The smaller projects would work with a correspondingly small number of vehicles, on which they would test new apps, he noted. “The big awards would deploy a minimum of several thousands of cars apiece, up to as many as 10,000 or more apiece eventually.”

Because of the duration of the project, it will be overtaken by developments in the market, as carmakers launch their own V2V solutions. Last September, General Motors CEO Mary Barra announced that the company will launch V2V technology in 2017 on its Cadillac CTS saloon. This may begin a launch stampede as other car manufacturers try to catch up by marketing proprietary V2V solutions.

Doerzaph said that the primary aim of the CV Pilots Deployment programme is not to pioneer the technology but to “speed the rate at which the deployment happens”.

In addition, he said, the important findings from the deployment will be available to already marketed V2V systems by software and firmware updates. “The industry is moving in general to solutions that can be updated after deployment.

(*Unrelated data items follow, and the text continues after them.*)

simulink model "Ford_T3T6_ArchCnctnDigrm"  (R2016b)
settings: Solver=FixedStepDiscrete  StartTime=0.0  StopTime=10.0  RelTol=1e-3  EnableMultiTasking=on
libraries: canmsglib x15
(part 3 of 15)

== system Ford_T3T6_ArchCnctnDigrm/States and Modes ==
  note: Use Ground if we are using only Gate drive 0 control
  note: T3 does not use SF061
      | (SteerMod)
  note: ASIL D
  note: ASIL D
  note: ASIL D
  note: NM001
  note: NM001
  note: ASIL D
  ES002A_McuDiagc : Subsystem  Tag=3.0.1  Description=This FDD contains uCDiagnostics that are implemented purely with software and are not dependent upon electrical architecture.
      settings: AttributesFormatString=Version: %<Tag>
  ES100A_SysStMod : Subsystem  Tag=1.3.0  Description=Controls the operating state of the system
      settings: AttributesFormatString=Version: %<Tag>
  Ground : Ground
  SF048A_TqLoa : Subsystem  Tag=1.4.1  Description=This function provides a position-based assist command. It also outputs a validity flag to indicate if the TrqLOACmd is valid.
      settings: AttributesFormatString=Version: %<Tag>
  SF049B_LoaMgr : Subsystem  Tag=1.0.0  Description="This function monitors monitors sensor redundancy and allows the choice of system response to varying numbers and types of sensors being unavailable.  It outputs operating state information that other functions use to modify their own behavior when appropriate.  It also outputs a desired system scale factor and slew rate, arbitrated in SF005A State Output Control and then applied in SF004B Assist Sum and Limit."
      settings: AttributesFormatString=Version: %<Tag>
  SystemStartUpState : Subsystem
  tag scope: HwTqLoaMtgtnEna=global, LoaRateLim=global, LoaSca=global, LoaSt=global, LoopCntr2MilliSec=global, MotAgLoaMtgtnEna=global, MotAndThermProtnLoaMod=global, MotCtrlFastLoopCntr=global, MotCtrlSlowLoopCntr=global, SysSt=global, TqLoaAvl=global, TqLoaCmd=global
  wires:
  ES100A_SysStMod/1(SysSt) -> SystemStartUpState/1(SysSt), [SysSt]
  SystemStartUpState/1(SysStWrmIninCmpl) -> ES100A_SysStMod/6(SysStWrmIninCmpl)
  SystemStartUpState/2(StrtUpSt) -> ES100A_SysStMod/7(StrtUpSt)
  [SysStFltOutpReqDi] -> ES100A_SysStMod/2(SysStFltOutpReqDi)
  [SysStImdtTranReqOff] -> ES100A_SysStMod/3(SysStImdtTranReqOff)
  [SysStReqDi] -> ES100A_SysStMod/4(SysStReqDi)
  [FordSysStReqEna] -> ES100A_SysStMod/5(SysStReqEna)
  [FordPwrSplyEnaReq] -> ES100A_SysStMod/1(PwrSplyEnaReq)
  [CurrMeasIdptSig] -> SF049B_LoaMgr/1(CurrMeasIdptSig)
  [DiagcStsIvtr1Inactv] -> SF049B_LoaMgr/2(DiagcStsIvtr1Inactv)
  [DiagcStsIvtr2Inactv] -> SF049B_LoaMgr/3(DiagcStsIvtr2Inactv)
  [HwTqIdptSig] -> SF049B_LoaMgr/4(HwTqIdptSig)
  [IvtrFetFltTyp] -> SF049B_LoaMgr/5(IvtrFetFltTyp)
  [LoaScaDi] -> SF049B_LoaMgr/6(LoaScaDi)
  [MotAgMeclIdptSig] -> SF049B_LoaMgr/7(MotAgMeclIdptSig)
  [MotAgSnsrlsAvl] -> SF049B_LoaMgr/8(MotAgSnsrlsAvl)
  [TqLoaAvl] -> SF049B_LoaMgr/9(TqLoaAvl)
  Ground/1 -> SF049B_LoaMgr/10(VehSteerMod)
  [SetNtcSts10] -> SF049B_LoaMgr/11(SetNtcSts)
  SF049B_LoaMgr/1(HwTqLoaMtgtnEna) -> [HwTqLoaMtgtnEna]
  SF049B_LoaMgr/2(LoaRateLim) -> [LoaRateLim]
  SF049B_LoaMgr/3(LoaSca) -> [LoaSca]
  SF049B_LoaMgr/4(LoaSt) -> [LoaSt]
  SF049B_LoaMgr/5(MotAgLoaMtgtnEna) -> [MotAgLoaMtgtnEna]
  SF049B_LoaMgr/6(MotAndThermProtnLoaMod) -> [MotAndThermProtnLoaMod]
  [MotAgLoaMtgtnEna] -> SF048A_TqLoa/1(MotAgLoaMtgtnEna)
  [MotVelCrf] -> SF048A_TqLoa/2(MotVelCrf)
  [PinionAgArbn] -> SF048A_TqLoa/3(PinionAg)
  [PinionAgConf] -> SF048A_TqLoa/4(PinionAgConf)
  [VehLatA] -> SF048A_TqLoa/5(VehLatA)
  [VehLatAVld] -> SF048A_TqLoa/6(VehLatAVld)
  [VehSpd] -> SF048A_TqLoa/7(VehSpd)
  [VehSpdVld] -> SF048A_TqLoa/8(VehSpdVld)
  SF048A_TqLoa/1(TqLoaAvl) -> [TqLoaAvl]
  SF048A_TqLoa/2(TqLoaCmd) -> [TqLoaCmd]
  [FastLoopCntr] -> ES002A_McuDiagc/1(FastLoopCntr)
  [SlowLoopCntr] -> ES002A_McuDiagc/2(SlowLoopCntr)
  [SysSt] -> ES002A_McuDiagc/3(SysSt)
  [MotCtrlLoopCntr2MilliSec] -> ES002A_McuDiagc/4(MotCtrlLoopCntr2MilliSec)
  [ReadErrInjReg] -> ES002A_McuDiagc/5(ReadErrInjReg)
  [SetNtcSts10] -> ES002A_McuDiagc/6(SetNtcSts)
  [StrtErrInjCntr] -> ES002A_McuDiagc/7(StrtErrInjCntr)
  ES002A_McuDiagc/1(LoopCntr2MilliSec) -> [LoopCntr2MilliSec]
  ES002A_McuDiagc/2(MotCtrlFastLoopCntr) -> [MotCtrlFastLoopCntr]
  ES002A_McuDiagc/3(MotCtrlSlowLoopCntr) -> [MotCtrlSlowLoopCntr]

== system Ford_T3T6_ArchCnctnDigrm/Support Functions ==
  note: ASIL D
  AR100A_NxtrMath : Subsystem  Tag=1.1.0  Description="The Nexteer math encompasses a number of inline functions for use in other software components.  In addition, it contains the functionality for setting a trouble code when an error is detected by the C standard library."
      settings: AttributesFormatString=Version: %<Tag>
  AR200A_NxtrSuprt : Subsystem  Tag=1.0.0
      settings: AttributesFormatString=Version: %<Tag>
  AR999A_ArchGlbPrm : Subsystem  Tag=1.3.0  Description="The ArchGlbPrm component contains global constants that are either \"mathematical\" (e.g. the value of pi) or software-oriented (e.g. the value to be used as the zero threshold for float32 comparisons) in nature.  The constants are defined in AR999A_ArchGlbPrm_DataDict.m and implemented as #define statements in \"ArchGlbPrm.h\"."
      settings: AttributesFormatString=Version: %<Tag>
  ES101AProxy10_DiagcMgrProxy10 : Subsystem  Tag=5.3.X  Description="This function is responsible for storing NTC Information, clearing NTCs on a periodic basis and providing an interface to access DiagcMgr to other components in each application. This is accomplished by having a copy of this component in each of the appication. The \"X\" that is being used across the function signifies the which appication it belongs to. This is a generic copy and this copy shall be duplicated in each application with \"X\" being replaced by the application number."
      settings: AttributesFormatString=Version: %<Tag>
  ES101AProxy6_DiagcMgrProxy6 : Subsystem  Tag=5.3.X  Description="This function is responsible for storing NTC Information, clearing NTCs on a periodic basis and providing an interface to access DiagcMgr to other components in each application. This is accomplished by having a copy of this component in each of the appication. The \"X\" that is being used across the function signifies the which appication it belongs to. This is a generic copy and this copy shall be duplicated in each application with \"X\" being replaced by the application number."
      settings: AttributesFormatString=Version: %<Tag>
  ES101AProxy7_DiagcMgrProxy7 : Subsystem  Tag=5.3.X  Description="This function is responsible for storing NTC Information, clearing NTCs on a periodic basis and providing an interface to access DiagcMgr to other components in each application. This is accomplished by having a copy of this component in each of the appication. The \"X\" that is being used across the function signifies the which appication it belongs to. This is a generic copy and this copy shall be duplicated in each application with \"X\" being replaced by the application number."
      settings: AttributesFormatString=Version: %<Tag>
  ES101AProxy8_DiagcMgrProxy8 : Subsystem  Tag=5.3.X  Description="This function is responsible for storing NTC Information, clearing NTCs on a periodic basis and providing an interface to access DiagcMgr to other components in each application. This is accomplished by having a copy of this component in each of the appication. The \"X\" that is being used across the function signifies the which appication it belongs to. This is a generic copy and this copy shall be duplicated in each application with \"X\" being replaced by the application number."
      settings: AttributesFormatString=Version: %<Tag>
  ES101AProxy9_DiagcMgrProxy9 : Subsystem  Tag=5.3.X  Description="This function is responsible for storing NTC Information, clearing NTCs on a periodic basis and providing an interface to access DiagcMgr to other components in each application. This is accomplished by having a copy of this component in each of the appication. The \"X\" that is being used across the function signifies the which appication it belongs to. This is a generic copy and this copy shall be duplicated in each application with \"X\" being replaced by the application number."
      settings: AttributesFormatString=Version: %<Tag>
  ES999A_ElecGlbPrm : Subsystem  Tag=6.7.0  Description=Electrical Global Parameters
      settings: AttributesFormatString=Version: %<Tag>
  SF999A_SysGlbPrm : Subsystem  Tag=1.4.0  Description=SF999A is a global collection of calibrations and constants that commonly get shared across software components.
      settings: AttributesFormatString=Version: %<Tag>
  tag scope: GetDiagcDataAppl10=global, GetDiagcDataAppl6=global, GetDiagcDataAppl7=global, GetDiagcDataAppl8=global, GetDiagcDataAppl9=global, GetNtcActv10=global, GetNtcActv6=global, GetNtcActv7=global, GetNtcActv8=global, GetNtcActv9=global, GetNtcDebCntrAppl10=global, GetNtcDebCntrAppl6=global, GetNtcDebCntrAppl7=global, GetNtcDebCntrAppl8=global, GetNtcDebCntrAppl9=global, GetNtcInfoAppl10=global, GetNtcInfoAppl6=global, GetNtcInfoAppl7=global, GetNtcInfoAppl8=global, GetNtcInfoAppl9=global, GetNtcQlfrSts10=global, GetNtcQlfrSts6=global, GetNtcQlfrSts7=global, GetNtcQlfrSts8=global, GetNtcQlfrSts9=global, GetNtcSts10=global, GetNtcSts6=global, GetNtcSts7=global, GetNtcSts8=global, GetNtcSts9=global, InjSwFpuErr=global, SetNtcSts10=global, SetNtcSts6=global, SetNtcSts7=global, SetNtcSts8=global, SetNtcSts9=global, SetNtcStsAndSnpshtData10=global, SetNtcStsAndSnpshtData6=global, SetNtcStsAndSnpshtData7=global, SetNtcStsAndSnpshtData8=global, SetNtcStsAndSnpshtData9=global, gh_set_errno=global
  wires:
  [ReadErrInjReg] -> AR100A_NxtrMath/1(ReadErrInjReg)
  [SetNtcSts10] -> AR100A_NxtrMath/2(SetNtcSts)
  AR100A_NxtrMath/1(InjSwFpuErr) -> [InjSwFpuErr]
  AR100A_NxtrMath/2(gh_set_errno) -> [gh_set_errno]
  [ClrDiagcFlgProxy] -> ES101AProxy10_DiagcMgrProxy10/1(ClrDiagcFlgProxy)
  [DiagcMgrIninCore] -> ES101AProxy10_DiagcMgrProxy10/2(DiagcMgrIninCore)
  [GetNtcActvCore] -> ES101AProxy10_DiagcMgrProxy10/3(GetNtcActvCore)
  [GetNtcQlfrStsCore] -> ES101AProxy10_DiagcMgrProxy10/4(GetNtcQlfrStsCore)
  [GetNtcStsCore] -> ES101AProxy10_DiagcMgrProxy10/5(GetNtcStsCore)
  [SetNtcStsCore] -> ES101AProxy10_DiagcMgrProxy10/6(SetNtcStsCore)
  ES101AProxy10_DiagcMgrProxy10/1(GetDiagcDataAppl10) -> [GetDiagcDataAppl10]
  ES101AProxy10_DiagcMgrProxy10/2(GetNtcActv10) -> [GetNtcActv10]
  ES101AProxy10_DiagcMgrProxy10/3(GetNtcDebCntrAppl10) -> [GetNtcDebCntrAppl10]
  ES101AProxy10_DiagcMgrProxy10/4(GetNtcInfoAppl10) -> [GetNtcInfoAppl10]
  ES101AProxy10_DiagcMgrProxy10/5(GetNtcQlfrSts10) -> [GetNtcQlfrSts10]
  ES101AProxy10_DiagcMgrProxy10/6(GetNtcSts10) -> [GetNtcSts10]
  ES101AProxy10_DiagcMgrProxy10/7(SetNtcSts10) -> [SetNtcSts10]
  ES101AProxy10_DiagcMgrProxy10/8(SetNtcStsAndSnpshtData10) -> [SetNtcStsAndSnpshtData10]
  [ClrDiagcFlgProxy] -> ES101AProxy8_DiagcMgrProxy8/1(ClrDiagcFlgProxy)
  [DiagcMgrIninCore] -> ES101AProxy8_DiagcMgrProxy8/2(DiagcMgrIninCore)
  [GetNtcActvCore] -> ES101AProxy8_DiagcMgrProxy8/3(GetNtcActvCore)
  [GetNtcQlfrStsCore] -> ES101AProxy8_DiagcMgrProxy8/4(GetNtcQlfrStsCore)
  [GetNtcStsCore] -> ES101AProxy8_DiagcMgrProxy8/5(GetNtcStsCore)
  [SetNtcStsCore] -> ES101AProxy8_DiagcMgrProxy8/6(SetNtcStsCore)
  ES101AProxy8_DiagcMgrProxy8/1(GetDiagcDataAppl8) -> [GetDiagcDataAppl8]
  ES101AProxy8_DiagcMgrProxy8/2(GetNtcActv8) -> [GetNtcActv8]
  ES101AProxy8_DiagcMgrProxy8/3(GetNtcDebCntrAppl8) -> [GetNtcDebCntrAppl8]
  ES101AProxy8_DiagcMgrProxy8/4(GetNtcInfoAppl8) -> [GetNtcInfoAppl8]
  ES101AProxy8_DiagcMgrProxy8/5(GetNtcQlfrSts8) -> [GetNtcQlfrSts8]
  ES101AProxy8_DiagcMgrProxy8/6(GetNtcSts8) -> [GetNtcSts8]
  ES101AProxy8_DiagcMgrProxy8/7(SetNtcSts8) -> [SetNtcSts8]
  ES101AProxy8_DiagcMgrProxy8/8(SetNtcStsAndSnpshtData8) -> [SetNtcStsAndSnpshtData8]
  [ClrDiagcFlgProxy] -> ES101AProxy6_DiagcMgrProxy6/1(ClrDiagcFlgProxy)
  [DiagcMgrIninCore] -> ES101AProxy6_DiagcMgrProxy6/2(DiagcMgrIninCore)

So these takeaways will be updated to cars on the road.” Updatable solutions may even be part of the research, he added.

But the primary focus of the project is to get the infrastructure in place. “It is more about stimulating the road operators or local transport agencies to deploy the infrastructure,” Doerzaph said.

Most deployments will involve only pre-production technology, where there are still some challenges, Cunningham said. “Often these stumbling blocks can only be found in a true deployment through getting the infrastructure stakeholders working with the vehicle stakeholders to test out a concept.”

The security of the connected vehicle will also be an aspect of the research, he said. “You have all these attack vectors in a vehicle: Wifi, Bluetooth, the cellphone and tyre pressure monitoring. V2V and V2I works like Wifi, which is an attack vector — though not necessarily making cars less secure.”

Another important aspect of the deployment is privacy and data protection. According to Doerzaph, the large projects will be important in researching some of the non-technical aspects of deploying the technology, such as data security. “By creating a large environment, the winning road operators will have to deal with the legal aspects of putting these cars on the road,” he explained. “For a large deployment, collaborators need access to large amounts of data. The issue then becomes: ‘How do I protect the data security, privacy, deal with liability, etc?’”

Furthermore, the programme will allow connected vehicle stakeholders, public and private alike, “to test out various concepts and to see if our visions achieve V2I deployment goals on a small scale,” Cunningham said. “We’ve got things in mind as we consider going into this project, to assess what we can achieve and hopefully put some really cool applications into the vehicles. Everybody involved wants to give it a shake and kick the tyres before significant investments are made in the vehicle as well as the infrastructure.”